I agree with the Google attorney, the system is broken and has been broken for quite some time.  That’s not to say that software cannot and should not be patentable. I contend that software is just as patentable as anything else that has the potential for being patentable subject matter. The notions of novelty and non-obviousness seem to have been discarded by the USPTO. Some claim that it is very difficult to discern whether something is actually building on prior art. Peraps if claims where drawn up in a more standardized way, it would be easier. But you see, this is where the lawyers come in. The goal is always to draw up claims that are broad and vague. The broder the claims, the more your patent covers – something that patent trolls strive for. The gate keeper to protect the system is supposed to be the USPTO. They have been totally asleep at the wheel. It’s also been the court system that has been asleep at the wheel. Often, the USPTO will actually get it right – only to be reversed by the federal courts.

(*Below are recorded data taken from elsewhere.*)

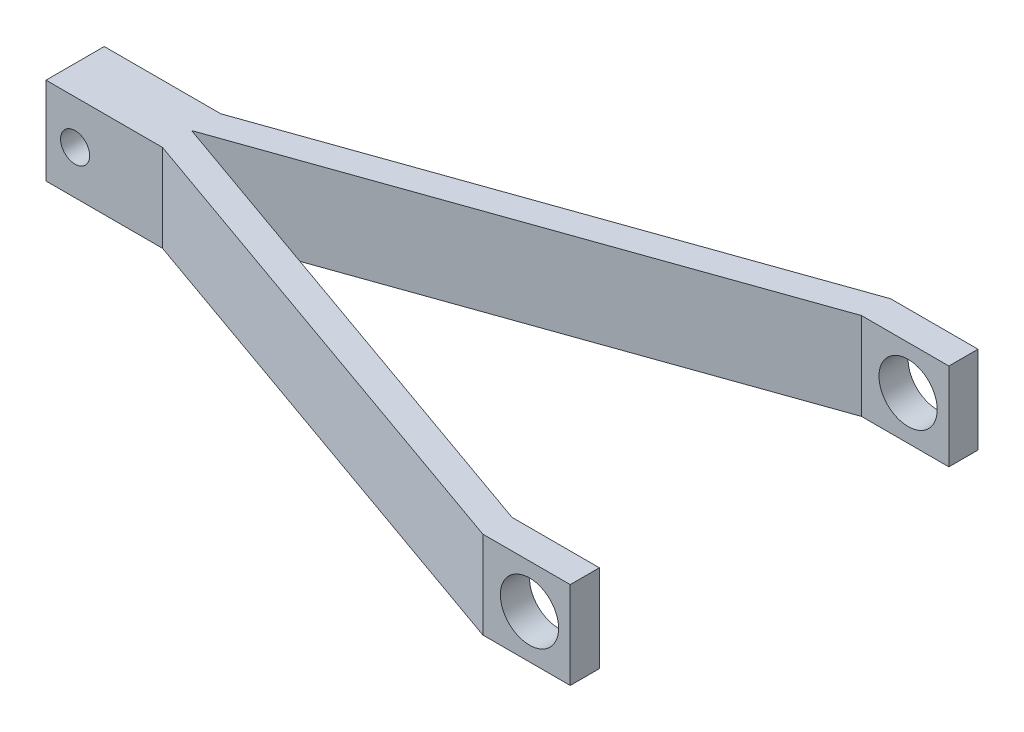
ISO-10303-21;
HEADER;
FILE_DESCRIPTION(('STEP AP214'),'2;1');
FILE_NAME('part.step','',(''),(''),'','','');
FILE_SCHEMA(('AUTOMOTIVE_DESIGN { 1 0 10303 214 1 1 1 1 }'));
ENDSEC;
DATA;
#1=APPLICATION_CONTEXT('core data for automotive mechanical design processes');
#2=APPLICATION_PROTOCOL_DEFINITION('international standard','automotive_design',2000,#1);
#3=PRODUCT_CONTEXT('',#1,'mechanical');
#4=PRODUCT('Part','Part','',(#3));
#5=PRODUCT_RELATED_PRODUCT_CATEGORY('part','',(#4));
#6=PRODUCT_DEFINITION_FORMATION('','',#4);
#7=PRODUCT_DEFINITION_CONTEXT('part definition',#1,'design');
#8=PRODUCT_DEFINITION('design','',#6,#7);
#9=PRODUCT_DEFINITION_SHAPE('','',#8);
#10=(LENGTH_UNIT() NAMED_UNIT(*) SI_UNIT(.MILLI.,.METRE.));
#11=(NAMED_UNIT(*) PLANE_ANGLE_UNIT() SI_UNIT($,.RADIAN.));
#12=(NAMED_UNIT(*) SI_UNIT($,.STERADIAN.) SOLID_ANGLE_UNIT());
#13=UNCERTAINTY_MEASURE_WITH_UNIT(LENGTH_MEASURE(1.E-05),#10,'distance_accuracy_value','');
#14=(GEOMETRIC_REPRESENTATION_CONTEXT(3) GLOBAL_UNCERTAINTY_ASSIGNED_CONTEXT((#13)) GLOBAL_UNIT_ASSIGNED_CONTEXT((#10,
#11,#12)) REPRESENTATION_CONTEXT('',''));
#15=CARTESIAN_POINT('',(0.,0.,0.));
#16=DIRECTION('',(0.,0.,1.));
#17=DIRECTION('',(1.,0.,0.));
#18=AXIS2_PLACEMENT_3D('',#15,#16,#17);
#19=CARTESIAN_POINT('',(99.9999999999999,7.5,2.77555756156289E-13));
#20=DIRECTION('',(-1.,0.,0.));
#21=DIRECTION('',(0.,0.,1.));
#22=AXIS2_PLACEMENT_3D('',#19,#20,#21);
#23=PLANE('',#22);
#24=DIRECTION('',(0.,0.,-1.));
#25=VECTOR('',#24,1.);
#26=CARTESIAN_POINT('',(99.9999999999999,-7.5,2.77555756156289E-13));
#27=LINE('',#26,#25);
#28=CARTESIAN_POINT('',(100.,-7.50000000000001,-30.));
#29=VERTEX_POINT('',#28);
#30=CARTESIAN_POINT('',(100.,-7.50000000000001,-35.));
#31=VERTEX_POINT('',#30);
#32=EDGE_CURVE('E165',#29,#31,#27,.T.);
#33=ORIENTED_EDGE('',*,*,#32,.T.);
#34=DIRECTION('',(0.,-1.,0.));
#35=VECTOR('',#34,1.);
#36=CARTESIAN_POINT('',(100.,7.49999999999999,-35.));
#37=LINE('',#36,#35);
#38=CARTESIAN_POINT('',(100.,7.49999999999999,-35.));
#39=VERTEX_POINT('',#38);
#40=EDGE_CURVE('E11',#39,#31,#37,.T.);
#41=ORIENTED_EDGE('',*,*,#40,.F.);
#42=DIRECTION('',(0.,0.,-1.));
#43=VECTOR('',#42,1.);
#44=CARTESIAN_POINT('',(99.9999999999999,7.5,2.77555756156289E-13));
#45=LINE('',#44,#43);
#46=CARTESIAN_POINT('',(100.,7.49999999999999,-30.));
#47=VERTEX_POINT('',#46);
#48=EDGE_CURVE('E197',#47,#39,#45,.T.);
#49=ORIENTED_EDGE('',*,*,#48,.F.);
#50=DIRECTION('',(0.,-1.,0.));
#51=VECTOR('',#50,1.);
#52=CARTESIAN_POINT('',(100.,7.49999999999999,-30.));
#53=LINE('',#52,#51);
#54=EDGE_CURVE('E164',#47,#29,#53,.T.);
#55=ORIENTED_EDGE('',*,*,#54,.T.);
#56=EDGE_LOOP('',(#33,#41,#49,#55));
#57=FACE_BOUND('',#56,.T.);
#58=ADVANCED_FACE('F36',(#57),#23,.F.);
#59=CARTESIAN_POINT('',(0.,7.5,-35.));
#60=DIRECTION('',(0.,0.,1.));
#61=DIRECTION('',(1.,0.,0.));
#62=AXIS2_PLACEMENT_3D('',#59,#60,#61);
#63=PLANE('',#62);
#64=CARTESIAN_POINT('',(93.,0.,-35.));
#65=DIRECTION('',(0.,0.,1.));
#66=DIRECTION('',(1.,0.,0.));
#67=AXIS2_PLACEMENT_3D('',#64,#65,#66);
#68=CIRCLE('',#67,5.);
#69=CARTESIAN_POINT('',(98.,0.,-35.));
#70=VERTEX_POINT('',#69);
#71=EDGE_CURVE('E371',#70,#70,#68,.T.);
#72=ORIENTED_EDGE('',*,*,#71,.T.);
#73=EDGE_LOOP('',(#72));
#74=FACE_BOUND('',#73,.T.);
#75=DIRECTION('',(-1.,0.,0.));
#76=VECTOR('',#75,1.);
#77=CARTESIAN_POINT('',(0.,-7.50000000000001,-35.));
#78=LINE('',#77,#76);
#79=CARTESIAN_POINT('',(85.,-7.5,-35.));
#80=VERTEX_POINT('',#79);
#81=EDGE_CURVE('E168',#31,#80,#78,.T.);
#82=ORIENTED_EDGE('',*,*,#81,.T.);
#83=DIRECTION('',(0.,-1.,0.));
#84=VECTOR('',#83,1.);
#85=CARTESIAN_POINT('',(85.,7.49999999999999,-35.));
#86=LINE('',#85,#84);
#87=CARTESIAN_POINT('',(85.,7.49999999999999,-35.));
#88=VERTEX_POINT('',#87);
#89=EDGE_CURVE('E45',#88,#80,#86,.T.);
#90=ORIENTED_EDGE('',*,*,#89,.F.);
#91=DIRECTION('',(-1.,0.,0.));
#92=VECTOR('',#91,1.);
#93=CARTESIAN_POINT('',(0.,7.5,-35.));
#94=LINE('',#93,#92);
#95=EDGE_CURVE('E110',#39,#88,#94,.T.);
#96=ORIENTED_EDGE('',*,*,#95,.F.);
#97=ORIENTED_EDGE('',*,*,#40,.T.);
#98=EDGE_LOOP('',(#82,#90,#96,#97));
#99=FACE_BOUND('',#98,.T.);
#100=ADVANCED_FACE('F275',(#74,#99),#63,.F.);
#101=CARTESIAN_POINT('',(-1.56923076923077,7.49999999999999,-4.44615384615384));
#102=DIRECTION('',(0.332820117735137,0.,0.942990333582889));
#103=DIRECTION('',(0.942990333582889,0.,-0.332820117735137));
#104=AXIS2_PLACEMENT_3D('',#101,#102,#103);
#105=PLANE('',#104);
#106=DIRECTION('',(-0.942990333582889,0.,0.332820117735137));
#107=VECTOR('',#106,1.);
#108=CARTESIAN_POINT('',(-1.56923076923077,-7.5,-4.44615384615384));
#109=LINE('',#108,#107);
#110=CARTESIAN_POINT('',(0.,-7.50000000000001,-5.));
#111=VERTEX_POINT('',#110);
#112=EDGE_CURVE('E171',#80,#111,#109,.T.);
#113=ORIENTED_EDGE('',*,*,#112,.T.);
#114=DIRECTION('',(0.,-1.,0.));
#115=VECTOR('',#114,1.);
#116=CARTESIAN_POINT('',(0.,7.5,-5.));
#117=LINE('',#116,#115);
#118=CARTESIAN_POINT('',(0.,7.5,-5.));
#119=VERTEX_POINT('',#118);
#120=EDGE_CURVE('E213',#119,#111,#117,.T.);
#121=ORIENTED_EDGE('',*,*,#120,.F.);
#122=DIRECTION('',(-0.942990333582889,0.,0.332820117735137));
#123=VECTOR('',#122,1.);
#124=CARTESIAN_POINT('',(-1.56923076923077,7.49999999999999,-4.44615384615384));
#125=LINE('',#124,#123);
#126=EDGE_CURVE('E222',#88,#119,#125,.T.);
#127=ORIENTED_EDGE('',*,*,#126,.F.);
#128=ORIENTED_EDGE('',*,*,#89,.T.);
#129=EDGE_LOOP('',(#113,#121,#127,#128));
#130=FACE_BOUND('',#129,.T.);
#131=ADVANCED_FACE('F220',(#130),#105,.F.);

Now…before you think this is something that is just limited to technology, think again. Do you remember those orange trashbags that you could fill with leaves? They had a picture of a pumpkin stamped on them. Was that novel? I don’t believe so as it most definitely built on prior art. Was it non-obvious?  I thnk it is safe to say that in reality, the bags were obvious. The USPTO rejected the patents. The Circuit Court however, in 1999, reversed the USPTO. The Dembiczak and Zinbarg case is a good one to read because it is instructive on the gap that existed between the law and common sense. The USPTO was reversed on technical grounds based on evidence that was not in the record – but nevertheless could have been. This was a case where there the narrow teaching/suggestion/motivation standard for obviousness under 35 U.S.C. §103 was applied. Fortunately, in 2007, in the KSR v. Teleflex decision, the SCOTUS finally brought in notions of common sense. IMO, had the KSR decision been around when 1 Click was applied for, the patent would have been rejected.

Things should get better, but it would appear they are not because of business reality. The fact is, companies with a lot of money have the threat of litigation on their side – and that causes many more other companies to cave in. The Google attorney interviewed commented, as I have in the past that the only way you get to a definitive word is to litigate and get a court decision as to what is novel and non-obvious. The difficulity is that these are mixed questions of law and fact.

Bottom line, it’s going to be a while before things actually get better in the patent landscape.